# While checking out wood



## Bigdrowdy1 (Nov 15, 2014)

Took Dad out and we walked around some trees and I was checking out some wood. These things kept flying up around us. Dads 76 and still loves getting out there and throwing lead. We had a great day. hope this is OK to post.
Thanks Rodney

Reactions: Like 2 | EyeCandy! 1 | Way Cool 4


----------



## JR Custom Calls (Nov 15, 2014)

Looks like you guys did well. Never been, but on my list of things to do.


----------



## woodtickgreg (Nov 15, 2014)

Funny thing is we don't have many pheasants in the country around here, but the birds have adapted to living in the city of Detroit in all the vacant lots, pretty cool. When I go into the city for my truck driving job I can here the roosters cackling and see the birds crossing the roads.

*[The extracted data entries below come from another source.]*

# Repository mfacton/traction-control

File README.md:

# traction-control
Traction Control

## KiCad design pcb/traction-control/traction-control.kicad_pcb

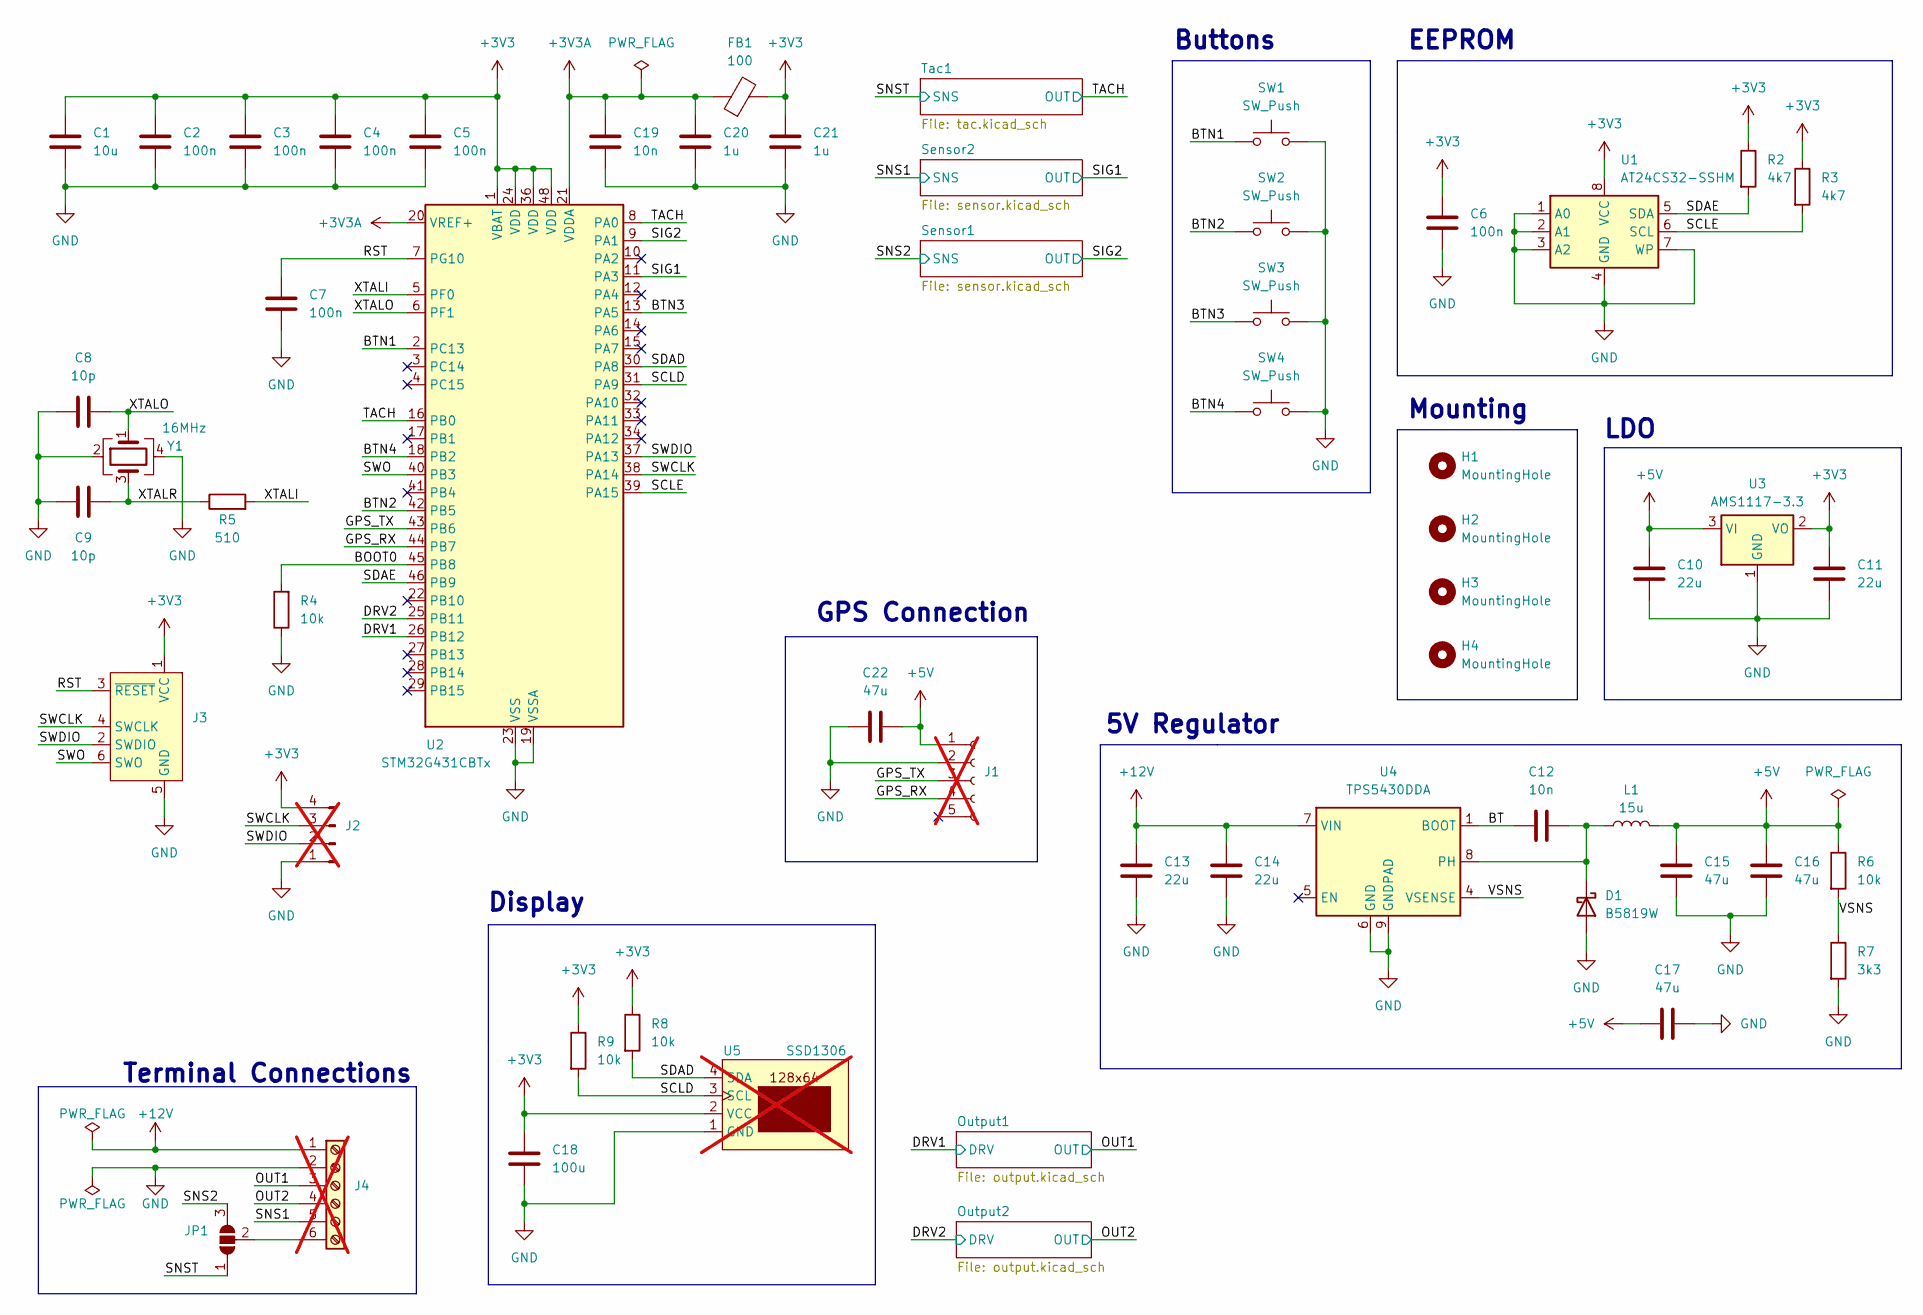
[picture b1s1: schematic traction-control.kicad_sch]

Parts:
C1: 10u; C_0402_1005Metric; LCSC C15525
C2, C3, C4, C5, C6, C7: 100n; C_0402_1005Metric; LCSC C1525
C8, C9: 10p; C_0402_1005Metric; LCSC C32949
C10: 22u; C_0805_2012Metric; LCSC C45783
C11: 22u; C_0603_1608Metric; LCSC C59461
C12, C19: 10n; C_0402_1005Metric; LCSC C15195
C13, C14: 22u; C_1206_3216Metric; LCSC C12891
C15, C16, C17, C22: 47u; C_1206_3216Metric; LCSC C96123
C18: 100u; C_1206_3216Metric; LCSC C15008
C20, C21: 1u; C_0402_1005Metric; LCSC C52923
D1: B5819W; D_SOD-123; LCSC C8598
FB1: 100; L_0805_2012Metric; LCSC C1015
H1, H2, H3, H4: MountingHole; MountingHole_3.2mm_M3
J1: Conn_01x05_Socket; PinHeader_1x05_P2.54mm_Vertical; not fitted
J2: Conn_01x04_Pin; PinHeader_1x04_P2.54mm_Vertical; not fitted
J3: Conn_ARM_SWD_TagConnect_TC2030-NL; Tag-Connect_TC2030-IDC-NL_2x03_P1.27mm_Vertical
J4: Screw_Terminal_01x06; ScrewTerminalPlug_6P_P5.08; not fitted
JP1: SolderJumper_3_Open; SolderJumper-3_P1.3mm_Open_RoundedPad1.0x1.5mm
L1: 15u; L_Changjiang_FNR6020S; LCSC C168015
R2, R3: 4k7; R_0402_1005Metric; LCSC C25900
R4, R6, R8, R9: 10k; R_0402_1005Metric; LCSC C25744
R5: 510; R_0402_1005Metric; LCSC C25123
R7: 3k3; R_0402_1005Metric; LCSC C25890
SW1, SW2, SW3, SW4: SW_Push; SW_Push_1P1T_NO_6x6mm_H9.5mm; LCSC C455119
U1: AT24CS32-SSHM; SOIC-8_3.9x4.9mm_P1.27mm; LCSC C6482
U2: STM32G431CBTx; LQFP-48_7x7mm_P0.5mm; LCSC C529355
U3: AMS1117-3.3; SOT-223-3_TabPin2; LCSC C6186
U4: TPS5430DDA; TI_SO-PowerPAD-8_ThermalVias; LCSC C9864
U5: SSD1306; SSD1309_1.3; not fitted
Y1: 16MHz; Crystal_SMD_3225-4Pin_3.2x2.5mm; LCSC C13738

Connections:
+3V3: C1.1, C2.1, C3.1, C4.1, C5.1, C6.1, C11.1, C18.1, C21.1, FB1.2, J2.4, J3.1 (VCC), R2.1, R3.1, R8.1, R9.1, U1.8 (VCC), U2.1 (VBAT), U2.24 (VDD), U2.36 (VDD), U2.48 (VDD), U3.2 (VO), U5.2 (VCC)
+3V3A: C19.1, C20.1, FB1.1, U2.20 (VREF+), U2.21 (VDDA)
+5V: C10.1, C15.1, C16.1, C17.1, C22.1, J1.1, L1.2, R6.1, U3.3 (VI)
+12V: C13.1, C14.1, J4.1, U4.7 (VIN); also elsewhere on the board
/BOOT0: R4.2, U2.45 (PB8)
/BT: C12.1, U4.1 (BOOT)
/BTN1: SW1.1, U2.2 (PC13)
/BTN2: SW2.1, U2.42 (PB5)
/BTN3: SW3.1, U2.13 (PA5)
/BTN4: SW4.1, U2.18 (PB2)
/DRV1: U2.26 (PB12); also elsewhere on the board
/DRV2: U2.25 (PB11); also elsewhere on the board
/GPS_RX: J1.4, U2.44 (PB7)
/GPS_TX: J1.3, U2.43 (PB6)
/OUT1: J4.3; also elsewhere on the board
/OUT2: J4.4; also elsewhere on the board
/RST: C7.1, J3.3 (~RESET), U2.7 (PG10)
/SCLD: R9.2, U2.31 (PA9), U5.3 (SCL)
/SCLE: R3.2, U1.6 (SCL), U2.39 (PA15)
/SDAD: R8.2, U2.30 (PA8), U5.4 (SDA)
/SDAE: R2.2, U1.5 (SDA), U2.46 (PB9)
/SIG1: U2.11 (PA3); also elsewhere on the board
/SIG2: U2.9 (PA1); also elsewhere on the board
/SNS1: J4.5; also elsewhere on the board
/SNS2: JP1.3 (B); also elsewhere on the board
/SNST: JP1.1 (A); also elsewhere on the board
/SWCLK: J2.3, J3.4 (SWCLK), U2.38 (PA14)
/SWDIO: J2.2, J3.2 (SWDIO), U2.37 (PA13)
/SWO: J3.6 (SWO), U2.40 (PB3)
/TACH: U2.8 (PA0), U2.16 (PB0); also elsewhere on the board
/VSNS: R6.2, R7.1, U4.4 (VSENSE)
/XTALI: R5.2, U2.5 (PF0)
/XTALO: C8.2, U2.6 (PF1), Y1.1
/XTALR: C9.2, R5.1, Y1.3
GND: C1.2, C2.2, C3.2, C4.2, C5.2, C6.2, C7.2, C8.1, C9.1, C10.2, C11.2, C13.2, C14.2, C15.2, C16.2, C17.2, C18.2, C19.2, C20.2, C21.2, C22.2, D1.2 (A), J1.2, J2.1, J3.5 (GND), J4.2, R4.1, R7.2, SW1.2, SW2.2, SW3.2, SW4.2, U1.1 (A0), U1.2 (A1), U1.3 (A2), U1.4 (GND), U1.7 (WP), U2.19 (VSSA), U2.23 (VSS), U2.35 (VSS), U2.47 (VSS), U3.1 (GND), U4.6 (GND), U4.9 (GNDPAD), U5.1 (GND), Y1.2, Y1.4; also elsewhere on the board
unnamed: C12.2, D1.1 (K), L1.1, U4.8 (PH)
unnamed: J4.6, JP1.2 (C)

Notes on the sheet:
GPS Connection
Mounting
EEPROM
LDO
Terminal Connections
5V Regulator
Display
Buttons

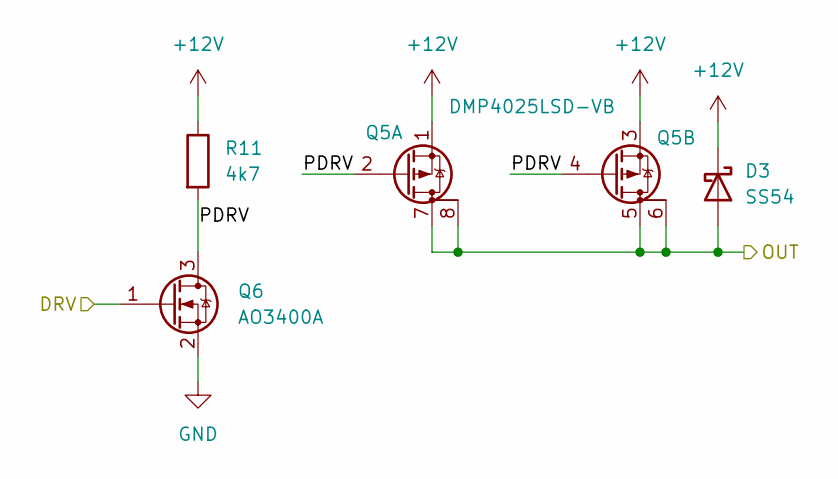
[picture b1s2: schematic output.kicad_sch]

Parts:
D3: SS54; D_SMA; LCSC C22452
Q5: DMP4025LSD-VB; SOP-8_3.9x4.9mm_P1.27mm; LCSC C725015
Q6: AO3400A; SOT-23; LCSC C20917
R11: 4k7; R_0402_1005Metric; LCSC C25900

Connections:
+12V: D3.1 (K), Q5.1 (S), Q5.3 (S), R11.1; also elsewhere on the board
/DRV2: Q6.1 (G); also elsewhere on the board
/OUT2: D3.2 (A), Q5.5 (D), Q5.6 (D), Q5.7 (D), Q5.8 (D); also elsewhere on the board
/Output2/PDRV: Q5.2 (G), Q5.4 (G), Q6.3 (D), R11.2
GND: Q6.2 (S); also elsewhere on the board

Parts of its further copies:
D2: SS54; D_SMA; LCSC C22452
Q3: DMP4025LSD-VB; SOP-8_3.9x4.9mm_P1.27mm; LCSC C725015
Q4: AO3400A; SOT-23; LCSC C20917
R10: 4k7; R_0402_1005Metric; LCSC C25900

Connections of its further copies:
+12V: D2.1 (K), Q3.1 (S), Q3.3 (S), R10.1; also elsewhere on the board
/DRV1: Q4.1 (G); also elsewhere on the board
/OUT1: D2.2 (A), Q3.5 (D), Q3.6 (D), Q3.7 (D), Q3.8 (D); also elsewhere on the board
/Output1/PDRV: Q3.2 (G), Q3.4 (G), Q4.3 (D), R10.2
GND: Q4.2 (S); also elsewhere on the board

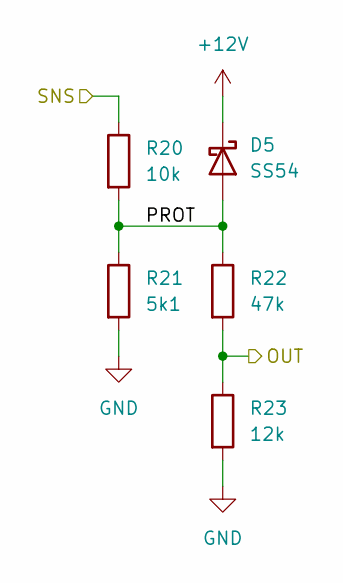
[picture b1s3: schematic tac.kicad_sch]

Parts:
D5: SS54; D_SMA; LCSC C22452
R20: 10k; R_0402_1005Metric; LCSC C25744
R21: 5k1; R_0402_1005Metric; LCSC C25905
R22: 47k; R_0402_1005Metric; LCSC C25792
R23: 12k; R_0402_1005Metric; LCSC C25752

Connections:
+12V: D5.1 (K); also elsewhere on the board
/SNST: R20.1; also elsewhere on the board
/TACH: R22.2, R23.1; also elsewhere on the board
/Tac1/PROT: D5.2 (A), R20.2, R21.1, R22.1
GND: R21.2, R23.2; also elsewhere on the board

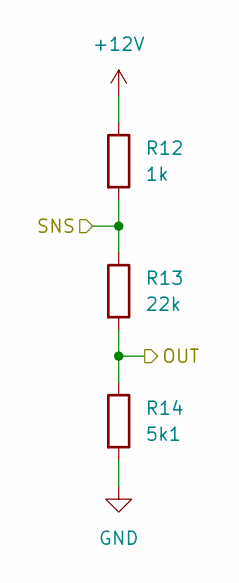
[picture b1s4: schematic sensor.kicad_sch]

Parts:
R12: 1k; R_1206_3216Metric; LCSC C4410
R13: 22k; R_0402_1005Metric; LCSC C25768
R14: 5k1; R_0402_1005Metric; LCSC C25905

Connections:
+12V: R12.1; also elsewhere on the board
/SIG1: R13.2, R14.1; also elsewhere on the board
/SNS1: R12.2, R13.1; also elsewhere on the board
GND: R14.2; also elsewhere on the board

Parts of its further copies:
R17: 1k; R_1206_3216Metric; LCSC C4410
R18: 22k; R_0402_1005Metric; LCSC C25768
R19: 5k1; R_0402_1005Metric; LCSC C25905

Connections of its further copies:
+12V: R17.1; also elsewhere on the board
/SIG2: R18.2, R19.1; also elsewhere on the board
/SNS2: R17.2, R18.1; also elsewhere on the board
GND: R19.2; also elsewhere on the board

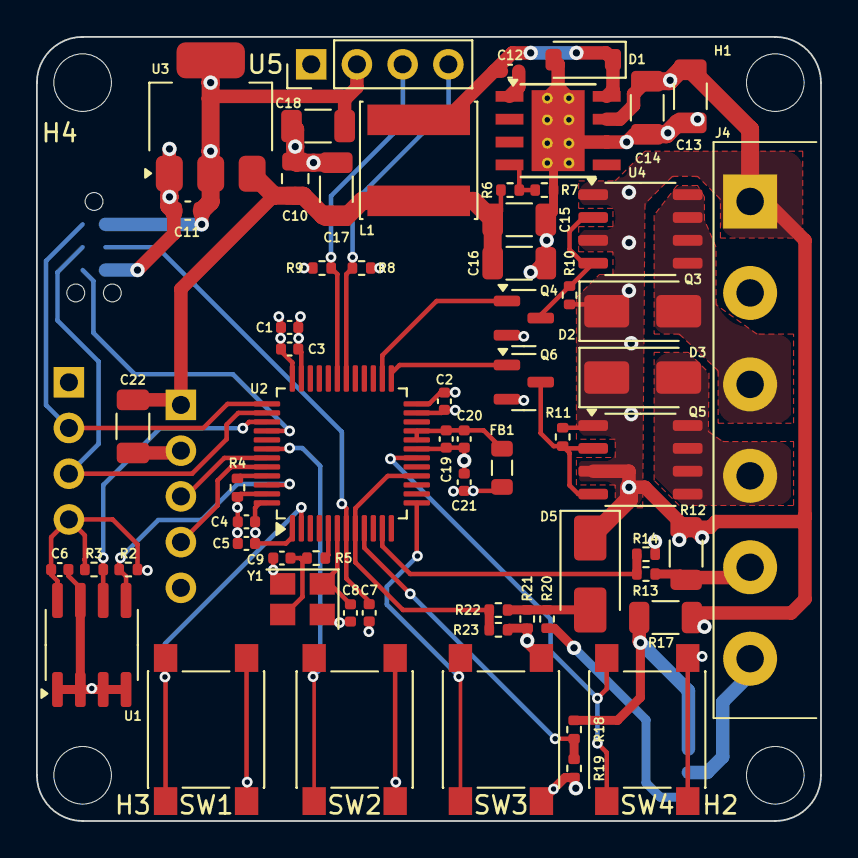
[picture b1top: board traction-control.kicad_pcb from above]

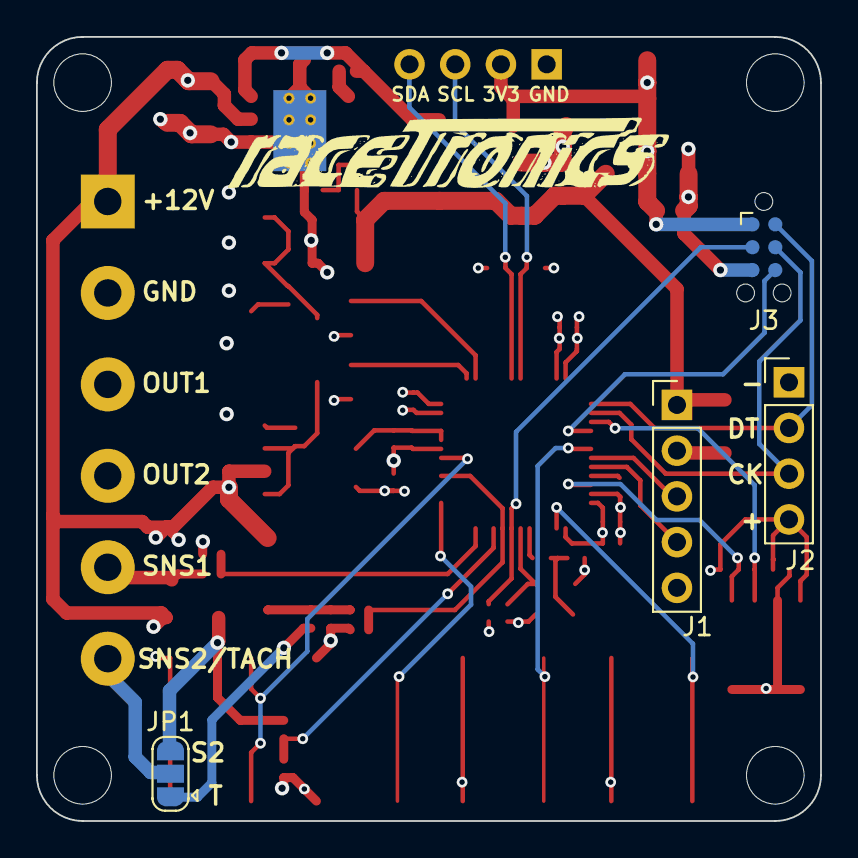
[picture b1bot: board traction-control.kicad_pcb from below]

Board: 4 copper layers, 43.6 x 43.6 mm, 72 parts (5 on the bottom side), 40 nets.

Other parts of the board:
G1: LOGO

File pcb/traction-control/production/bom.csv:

Designator,Footprint,Quantity,Value,LCSC Part #
C1,0402,1,10u,C15525
C10,0805,1,22u,C45783
C11,0603,1,22u,C59461
"C12, C19",0402,2,10n,C15195
"C13, C14",1206,2,22u,C12891
"C15, C16, C17, C22",1206,4,47u,C96123
C18,1206,1,100u,C15008
"C2, C3, C4, C5, C6, C7",0402,6,100n,C1525
"C20, C21",0402,2,1u,C52923
"C8, C9",0402,2,10p,C32949
D1,D_SOD-123,1,B5819W,C8598
"D2, D3, D5",D_SMA,3,SS54,C22452
FB1,0805,1,100,C1015
L1,L_Changjiang_FNR6020S,1,15u,C168015
"Q3, Q5",SOP-8_3.9x4.9mm_P1.27mm,2,DMP4025LSD-VB,C725015
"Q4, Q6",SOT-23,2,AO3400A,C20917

Nature always finds a way to survive.


----------



## Tony (Nov 15, 2014)

Looks like a great time with your Dad! Treasure it man. Tony

Reactions: Like 1 | Agree 1


----------



## SENC (Nov 15, 2014)

Awesome, Rodney, what a great day with your dad!

Reactions: Agree 1


----------



## HomeBody (Nov 16, 2014)

That's more birds than I've killed my whole life. I want to know who cleaned all those things? Good shootin'. Gary


----------



## davduckman2010 (Nov 16, 2014)

wow good shootin you two lol I was happy with the three the boys brought home yesterday. your a good son rodney

Reactions: Agree 2


----------



## ripjack13 (Nov 16, 2014)

Holy birds batman....that is whole lotta em....

Good day, good son = Happy Dad....


----------



## manbuckwal (Nov 16, 2014)

Man thats a lot of birds ! Some good eatin right there .


----------



## Foot Patrol (Nov 16, 2014)

I bet it tastes like Chicken....Great hunt and I am sure your dad had a blast.


----------



## frankp (Nov 25, 2014)

Bah, tastes way better than chicken... Well, farm raised chicken anyway.


----------



## Mike1950 (Nov 25, 2014)

Foot Patrol said:


> I bet it tastes like Chicken....Great hunt and I am sure your dad had a blast.





frankp said:


> Bah, tastes way better than chicken... Well, farm raised chicken anyway.



Hey Guys- Pheasant does not taste like chicken. farm or factory...............


----------